TASK MATERIAL —
────────────────────

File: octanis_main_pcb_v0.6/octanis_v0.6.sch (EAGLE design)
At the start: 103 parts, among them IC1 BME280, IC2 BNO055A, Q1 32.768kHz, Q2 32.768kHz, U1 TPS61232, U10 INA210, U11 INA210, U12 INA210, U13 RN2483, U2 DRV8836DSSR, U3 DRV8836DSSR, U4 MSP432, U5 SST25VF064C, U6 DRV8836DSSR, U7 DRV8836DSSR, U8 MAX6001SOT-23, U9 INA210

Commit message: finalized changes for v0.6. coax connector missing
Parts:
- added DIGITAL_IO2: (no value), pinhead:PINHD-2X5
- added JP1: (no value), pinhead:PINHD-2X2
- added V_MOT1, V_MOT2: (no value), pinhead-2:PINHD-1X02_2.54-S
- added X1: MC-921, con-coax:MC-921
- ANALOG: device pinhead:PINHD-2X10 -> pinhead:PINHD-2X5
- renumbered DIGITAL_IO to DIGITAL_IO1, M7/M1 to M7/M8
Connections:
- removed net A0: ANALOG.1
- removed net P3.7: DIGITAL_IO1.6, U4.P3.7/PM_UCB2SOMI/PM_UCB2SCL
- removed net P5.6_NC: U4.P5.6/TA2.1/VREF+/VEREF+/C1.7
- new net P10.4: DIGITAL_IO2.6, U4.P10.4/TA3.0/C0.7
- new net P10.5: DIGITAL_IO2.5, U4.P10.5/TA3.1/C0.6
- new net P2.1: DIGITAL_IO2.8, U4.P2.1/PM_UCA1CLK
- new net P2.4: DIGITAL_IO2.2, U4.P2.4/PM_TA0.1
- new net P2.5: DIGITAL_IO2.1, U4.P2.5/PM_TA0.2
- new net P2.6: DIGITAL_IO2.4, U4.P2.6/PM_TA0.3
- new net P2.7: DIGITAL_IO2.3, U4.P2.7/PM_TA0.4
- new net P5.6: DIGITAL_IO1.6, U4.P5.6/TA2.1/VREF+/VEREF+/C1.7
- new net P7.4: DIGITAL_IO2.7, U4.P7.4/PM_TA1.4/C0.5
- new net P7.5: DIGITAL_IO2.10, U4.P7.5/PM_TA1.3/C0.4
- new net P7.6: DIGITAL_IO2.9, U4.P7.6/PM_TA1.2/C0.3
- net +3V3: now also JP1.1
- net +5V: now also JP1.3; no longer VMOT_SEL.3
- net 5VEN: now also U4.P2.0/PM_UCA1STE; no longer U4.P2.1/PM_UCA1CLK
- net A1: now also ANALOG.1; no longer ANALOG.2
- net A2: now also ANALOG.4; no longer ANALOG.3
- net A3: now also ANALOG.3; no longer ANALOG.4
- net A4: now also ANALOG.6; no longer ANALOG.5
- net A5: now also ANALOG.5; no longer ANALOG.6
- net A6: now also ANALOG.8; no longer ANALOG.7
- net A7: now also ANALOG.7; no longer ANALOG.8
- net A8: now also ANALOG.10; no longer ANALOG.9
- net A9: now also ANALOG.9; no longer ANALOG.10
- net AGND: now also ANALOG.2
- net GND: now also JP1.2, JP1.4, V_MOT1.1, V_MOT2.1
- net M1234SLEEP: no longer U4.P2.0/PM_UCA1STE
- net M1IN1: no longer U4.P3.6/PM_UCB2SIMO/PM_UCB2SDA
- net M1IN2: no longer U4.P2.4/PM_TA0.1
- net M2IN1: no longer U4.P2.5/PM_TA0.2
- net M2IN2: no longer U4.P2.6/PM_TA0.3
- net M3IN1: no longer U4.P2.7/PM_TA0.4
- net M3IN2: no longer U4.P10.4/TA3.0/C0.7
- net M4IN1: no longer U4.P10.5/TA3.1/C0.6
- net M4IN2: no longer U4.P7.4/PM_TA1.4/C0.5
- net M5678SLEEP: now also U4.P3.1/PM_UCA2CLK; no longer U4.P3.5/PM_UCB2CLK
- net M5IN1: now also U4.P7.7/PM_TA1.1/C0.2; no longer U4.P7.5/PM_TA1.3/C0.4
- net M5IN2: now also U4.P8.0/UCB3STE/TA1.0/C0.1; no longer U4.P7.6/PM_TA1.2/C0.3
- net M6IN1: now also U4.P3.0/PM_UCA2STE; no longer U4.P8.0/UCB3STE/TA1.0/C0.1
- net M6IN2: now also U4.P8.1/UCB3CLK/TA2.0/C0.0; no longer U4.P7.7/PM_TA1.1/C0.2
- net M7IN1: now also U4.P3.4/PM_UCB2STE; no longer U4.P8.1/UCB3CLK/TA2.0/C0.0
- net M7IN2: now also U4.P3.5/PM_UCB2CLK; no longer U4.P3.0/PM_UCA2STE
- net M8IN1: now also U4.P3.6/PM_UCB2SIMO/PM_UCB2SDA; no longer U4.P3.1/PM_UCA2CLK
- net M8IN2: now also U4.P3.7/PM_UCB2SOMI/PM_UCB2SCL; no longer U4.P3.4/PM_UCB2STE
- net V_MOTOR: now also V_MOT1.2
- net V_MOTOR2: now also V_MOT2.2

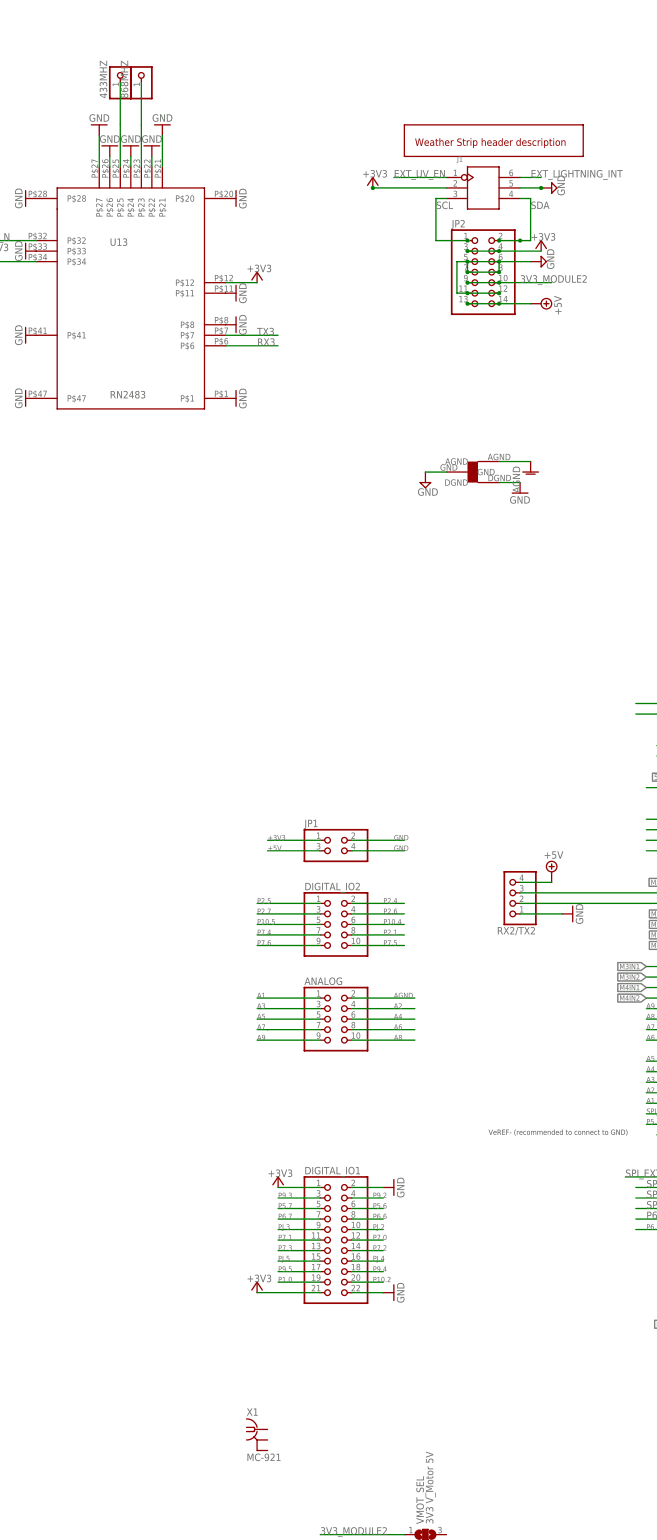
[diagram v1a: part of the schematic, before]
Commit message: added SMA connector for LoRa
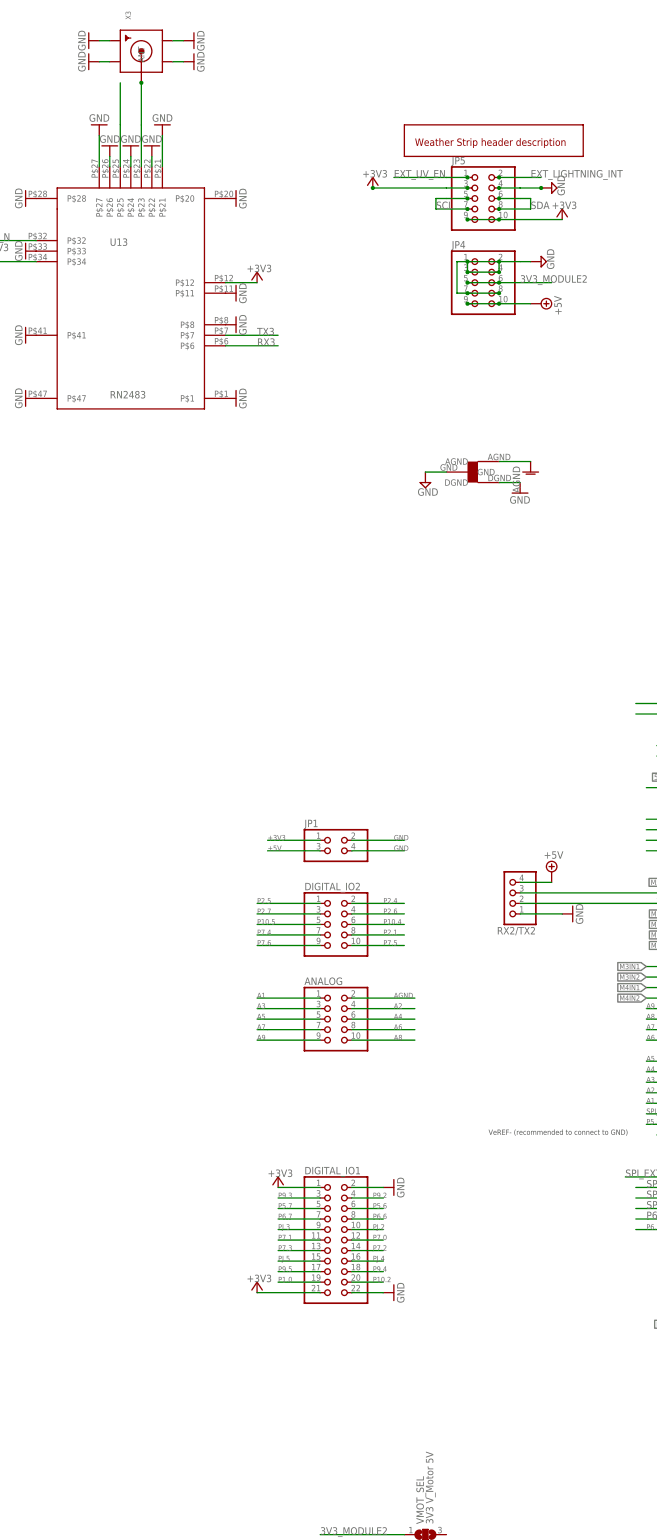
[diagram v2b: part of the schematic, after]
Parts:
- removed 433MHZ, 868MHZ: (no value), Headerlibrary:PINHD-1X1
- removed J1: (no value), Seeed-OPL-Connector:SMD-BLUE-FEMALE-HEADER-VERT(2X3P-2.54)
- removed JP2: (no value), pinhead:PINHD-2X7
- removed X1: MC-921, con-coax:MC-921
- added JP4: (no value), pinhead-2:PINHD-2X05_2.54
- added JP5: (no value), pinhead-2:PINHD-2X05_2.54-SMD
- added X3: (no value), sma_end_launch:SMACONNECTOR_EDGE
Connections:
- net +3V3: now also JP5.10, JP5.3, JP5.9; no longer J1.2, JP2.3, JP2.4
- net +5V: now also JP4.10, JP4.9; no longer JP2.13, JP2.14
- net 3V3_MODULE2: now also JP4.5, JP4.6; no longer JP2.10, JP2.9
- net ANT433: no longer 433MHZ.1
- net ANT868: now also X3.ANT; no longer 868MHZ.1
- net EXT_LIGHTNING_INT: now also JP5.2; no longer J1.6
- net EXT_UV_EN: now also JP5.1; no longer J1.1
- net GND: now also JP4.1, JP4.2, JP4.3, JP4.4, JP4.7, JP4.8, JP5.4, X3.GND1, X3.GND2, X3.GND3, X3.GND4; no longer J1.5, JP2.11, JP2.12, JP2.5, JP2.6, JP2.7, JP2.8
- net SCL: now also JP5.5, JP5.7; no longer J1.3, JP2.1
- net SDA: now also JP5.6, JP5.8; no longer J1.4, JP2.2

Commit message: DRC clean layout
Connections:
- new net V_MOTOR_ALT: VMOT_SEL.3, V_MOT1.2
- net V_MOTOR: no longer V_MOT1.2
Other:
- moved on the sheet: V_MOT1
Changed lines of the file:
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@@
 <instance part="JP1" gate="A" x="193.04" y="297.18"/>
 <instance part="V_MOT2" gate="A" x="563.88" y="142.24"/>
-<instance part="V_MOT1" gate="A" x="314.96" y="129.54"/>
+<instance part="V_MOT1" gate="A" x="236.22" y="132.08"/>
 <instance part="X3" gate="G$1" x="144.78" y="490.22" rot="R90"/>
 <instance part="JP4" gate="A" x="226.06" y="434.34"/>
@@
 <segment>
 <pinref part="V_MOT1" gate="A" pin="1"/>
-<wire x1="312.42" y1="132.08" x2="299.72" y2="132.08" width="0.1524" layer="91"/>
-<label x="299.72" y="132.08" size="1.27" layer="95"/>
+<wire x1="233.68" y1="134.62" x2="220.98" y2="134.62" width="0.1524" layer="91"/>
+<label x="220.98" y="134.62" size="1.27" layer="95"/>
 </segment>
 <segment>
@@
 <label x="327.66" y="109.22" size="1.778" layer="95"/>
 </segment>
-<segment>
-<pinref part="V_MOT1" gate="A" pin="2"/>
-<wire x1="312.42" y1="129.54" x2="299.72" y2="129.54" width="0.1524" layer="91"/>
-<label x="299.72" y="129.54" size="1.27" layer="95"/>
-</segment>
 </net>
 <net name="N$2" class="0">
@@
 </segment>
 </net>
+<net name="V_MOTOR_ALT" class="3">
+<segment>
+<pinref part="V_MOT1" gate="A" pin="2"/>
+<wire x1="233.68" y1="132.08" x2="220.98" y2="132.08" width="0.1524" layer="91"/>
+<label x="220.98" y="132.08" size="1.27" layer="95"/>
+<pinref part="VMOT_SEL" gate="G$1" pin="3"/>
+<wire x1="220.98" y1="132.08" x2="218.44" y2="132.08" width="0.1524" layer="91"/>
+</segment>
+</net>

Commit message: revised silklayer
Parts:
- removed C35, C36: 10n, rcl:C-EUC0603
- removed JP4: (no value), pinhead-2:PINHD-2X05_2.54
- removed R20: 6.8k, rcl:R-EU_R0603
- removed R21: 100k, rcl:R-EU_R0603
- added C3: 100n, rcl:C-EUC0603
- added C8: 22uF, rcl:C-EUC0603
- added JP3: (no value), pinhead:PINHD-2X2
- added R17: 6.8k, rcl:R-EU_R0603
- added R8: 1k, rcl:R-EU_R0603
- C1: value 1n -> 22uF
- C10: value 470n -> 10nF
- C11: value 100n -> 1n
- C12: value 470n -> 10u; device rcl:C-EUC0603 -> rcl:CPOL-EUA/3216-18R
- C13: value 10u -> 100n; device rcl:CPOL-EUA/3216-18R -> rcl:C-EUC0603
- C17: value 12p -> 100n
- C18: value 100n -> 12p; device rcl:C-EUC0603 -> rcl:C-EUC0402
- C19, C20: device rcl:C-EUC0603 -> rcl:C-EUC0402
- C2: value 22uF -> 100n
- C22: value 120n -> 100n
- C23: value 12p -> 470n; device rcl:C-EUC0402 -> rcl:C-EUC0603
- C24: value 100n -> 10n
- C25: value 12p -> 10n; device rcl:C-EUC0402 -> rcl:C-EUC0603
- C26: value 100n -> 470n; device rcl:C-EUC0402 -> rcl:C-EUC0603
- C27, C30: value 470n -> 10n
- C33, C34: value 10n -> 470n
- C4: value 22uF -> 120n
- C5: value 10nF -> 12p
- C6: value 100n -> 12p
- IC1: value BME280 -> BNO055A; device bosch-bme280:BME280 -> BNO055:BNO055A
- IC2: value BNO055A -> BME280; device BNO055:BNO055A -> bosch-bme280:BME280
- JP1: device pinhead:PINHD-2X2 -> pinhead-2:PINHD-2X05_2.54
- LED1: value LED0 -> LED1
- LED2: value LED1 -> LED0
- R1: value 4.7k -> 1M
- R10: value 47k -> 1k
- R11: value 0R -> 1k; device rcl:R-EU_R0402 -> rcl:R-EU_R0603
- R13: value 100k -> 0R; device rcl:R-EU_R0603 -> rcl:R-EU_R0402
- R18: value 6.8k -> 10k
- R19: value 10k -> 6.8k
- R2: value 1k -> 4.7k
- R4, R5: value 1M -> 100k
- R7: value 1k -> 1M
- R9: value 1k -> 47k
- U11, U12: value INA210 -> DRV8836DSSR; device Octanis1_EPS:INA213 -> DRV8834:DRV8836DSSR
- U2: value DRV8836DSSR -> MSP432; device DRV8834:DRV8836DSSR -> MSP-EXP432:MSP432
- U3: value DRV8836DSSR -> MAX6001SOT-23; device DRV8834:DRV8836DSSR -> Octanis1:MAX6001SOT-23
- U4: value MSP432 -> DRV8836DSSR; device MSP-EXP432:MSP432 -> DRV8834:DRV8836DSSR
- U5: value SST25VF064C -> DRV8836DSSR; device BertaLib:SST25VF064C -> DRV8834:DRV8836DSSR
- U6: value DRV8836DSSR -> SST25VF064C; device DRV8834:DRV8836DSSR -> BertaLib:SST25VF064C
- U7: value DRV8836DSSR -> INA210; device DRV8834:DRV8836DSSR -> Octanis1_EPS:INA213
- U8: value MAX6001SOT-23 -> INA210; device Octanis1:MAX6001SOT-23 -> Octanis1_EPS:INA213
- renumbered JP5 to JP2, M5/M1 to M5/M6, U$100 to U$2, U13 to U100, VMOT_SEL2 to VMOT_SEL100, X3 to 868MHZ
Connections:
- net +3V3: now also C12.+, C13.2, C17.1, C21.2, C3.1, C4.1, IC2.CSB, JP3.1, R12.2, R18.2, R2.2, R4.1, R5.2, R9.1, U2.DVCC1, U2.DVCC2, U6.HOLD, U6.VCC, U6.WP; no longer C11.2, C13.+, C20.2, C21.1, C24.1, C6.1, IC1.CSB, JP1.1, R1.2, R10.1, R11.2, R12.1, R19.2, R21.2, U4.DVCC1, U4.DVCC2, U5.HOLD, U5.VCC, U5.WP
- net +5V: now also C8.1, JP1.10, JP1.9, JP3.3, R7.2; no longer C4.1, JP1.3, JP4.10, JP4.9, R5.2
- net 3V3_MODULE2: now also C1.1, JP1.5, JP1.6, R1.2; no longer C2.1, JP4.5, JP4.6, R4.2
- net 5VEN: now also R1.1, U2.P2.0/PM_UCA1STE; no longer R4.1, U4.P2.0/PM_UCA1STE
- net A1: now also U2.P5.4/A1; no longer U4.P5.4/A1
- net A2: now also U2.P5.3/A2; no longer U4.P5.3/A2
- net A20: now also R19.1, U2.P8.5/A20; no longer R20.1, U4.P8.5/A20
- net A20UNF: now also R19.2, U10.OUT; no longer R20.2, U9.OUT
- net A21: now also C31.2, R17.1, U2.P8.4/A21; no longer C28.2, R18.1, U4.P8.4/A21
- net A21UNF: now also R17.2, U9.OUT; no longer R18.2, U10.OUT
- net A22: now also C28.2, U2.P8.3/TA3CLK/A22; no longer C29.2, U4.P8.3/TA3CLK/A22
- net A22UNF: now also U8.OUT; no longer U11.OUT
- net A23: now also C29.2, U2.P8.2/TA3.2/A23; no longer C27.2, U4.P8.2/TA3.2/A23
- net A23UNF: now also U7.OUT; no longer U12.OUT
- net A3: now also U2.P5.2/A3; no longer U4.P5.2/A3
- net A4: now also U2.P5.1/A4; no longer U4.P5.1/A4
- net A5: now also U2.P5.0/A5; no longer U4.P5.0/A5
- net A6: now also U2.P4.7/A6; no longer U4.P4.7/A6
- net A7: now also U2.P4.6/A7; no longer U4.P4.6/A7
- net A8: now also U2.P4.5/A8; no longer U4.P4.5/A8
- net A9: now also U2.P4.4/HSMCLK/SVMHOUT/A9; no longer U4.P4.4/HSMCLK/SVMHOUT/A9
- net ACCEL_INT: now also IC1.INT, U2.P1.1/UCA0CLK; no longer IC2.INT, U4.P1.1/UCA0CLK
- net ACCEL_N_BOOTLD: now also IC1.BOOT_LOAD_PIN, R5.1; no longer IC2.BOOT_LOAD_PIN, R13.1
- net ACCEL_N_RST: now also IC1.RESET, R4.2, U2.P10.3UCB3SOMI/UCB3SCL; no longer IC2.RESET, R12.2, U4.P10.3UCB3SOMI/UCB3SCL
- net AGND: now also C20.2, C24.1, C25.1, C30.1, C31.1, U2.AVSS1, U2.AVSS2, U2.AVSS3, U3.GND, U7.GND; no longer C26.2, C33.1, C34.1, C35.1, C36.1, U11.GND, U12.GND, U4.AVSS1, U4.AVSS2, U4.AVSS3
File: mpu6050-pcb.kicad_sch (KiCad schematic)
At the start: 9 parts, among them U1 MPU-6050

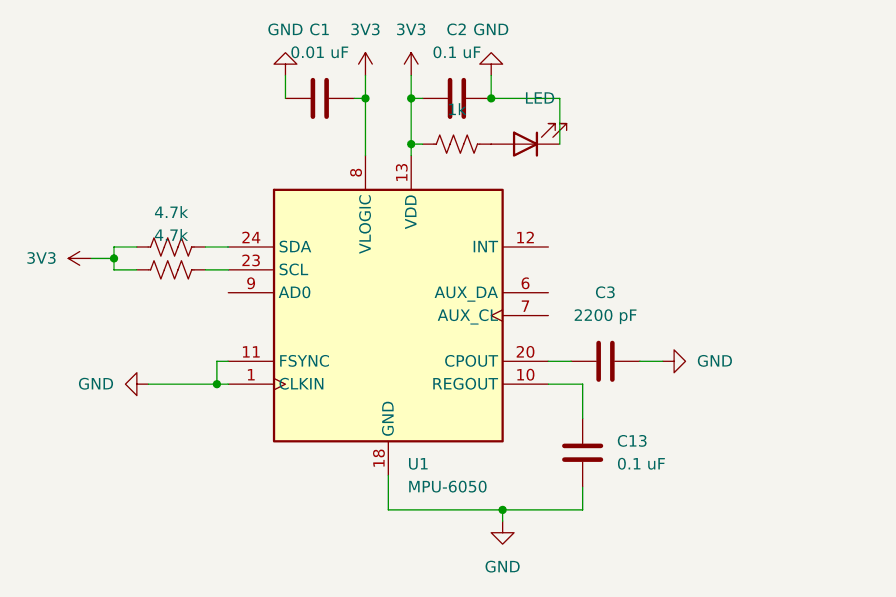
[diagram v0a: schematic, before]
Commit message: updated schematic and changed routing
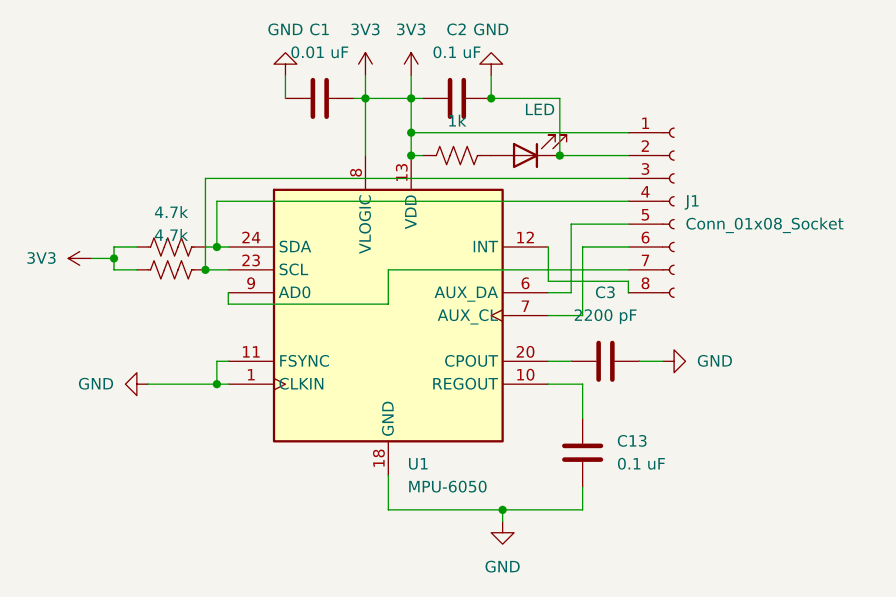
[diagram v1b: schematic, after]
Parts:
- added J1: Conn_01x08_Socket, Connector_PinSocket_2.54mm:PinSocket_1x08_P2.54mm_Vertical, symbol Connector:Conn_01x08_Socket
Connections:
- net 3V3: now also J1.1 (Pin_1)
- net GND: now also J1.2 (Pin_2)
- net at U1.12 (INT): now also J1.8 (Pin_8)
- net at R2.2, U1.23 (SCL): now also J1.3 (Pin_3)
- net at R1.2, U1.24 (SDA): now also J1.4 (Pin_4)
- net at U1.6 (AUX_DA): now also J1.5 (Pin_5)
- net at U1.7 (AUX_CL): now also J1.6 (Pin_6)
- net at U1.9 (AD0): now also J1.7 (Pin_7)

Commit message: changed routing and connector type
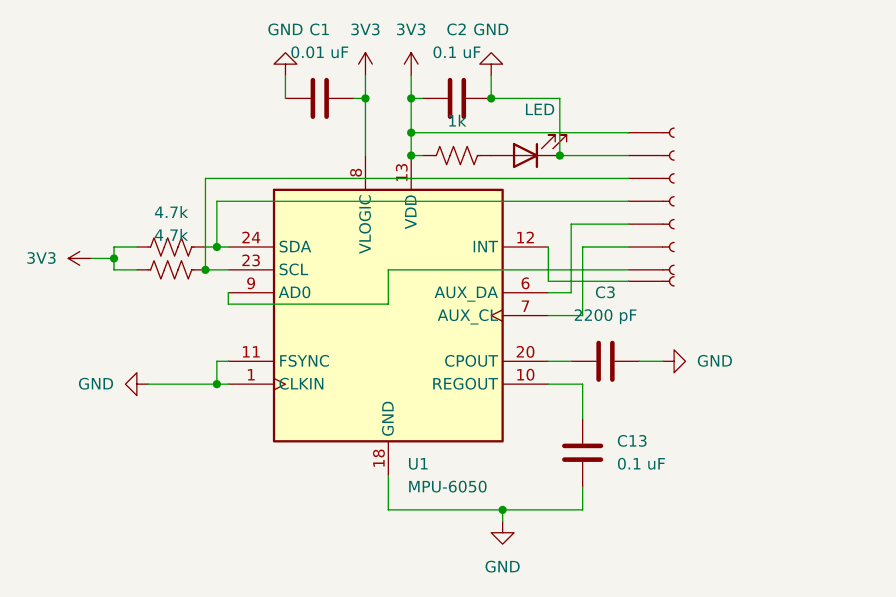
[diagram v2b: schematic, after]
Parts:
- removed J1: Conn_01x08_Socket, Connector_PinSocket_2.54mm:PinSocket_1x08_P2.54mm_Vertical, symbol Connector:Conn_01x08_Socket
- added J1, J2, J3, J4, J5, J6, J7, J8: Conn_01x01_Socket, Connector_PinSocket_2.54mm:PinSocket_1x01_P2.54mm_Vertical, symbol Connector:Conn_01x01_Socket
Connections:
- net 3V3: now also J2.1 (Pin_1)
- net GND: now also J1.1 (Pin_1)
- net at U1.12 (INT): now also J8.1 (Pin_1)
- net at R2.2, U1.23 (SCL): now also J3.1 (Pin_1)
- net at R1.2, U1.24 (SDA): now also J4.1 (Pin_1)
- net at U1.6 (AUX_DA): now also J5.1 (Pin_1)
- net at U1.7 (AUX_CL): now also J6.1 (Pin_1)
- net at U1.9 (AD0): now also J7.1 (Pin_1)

────────────────────

DIRECTIONS FOR THIS TASK — Go to the line in the material above that contains "- net +5V: now also JP1.3;" and copy exactly from there through the line that contains "- net A2: now also ANALOG.4;", stopping after it.

OUTPUT FOR THIS TASK —
- net +5V: now also JP1.3; no longer VMOT_SEL.3
- net 5VEN: now also U4.P2.0/PM_UCA1STE; no longer U4.P2.1/PM_UCA1CLK
- net A1: now also ANALOG.1; no longer ANALOG.2
- net A2: now also ANALOG.4; no longer ANALOG.3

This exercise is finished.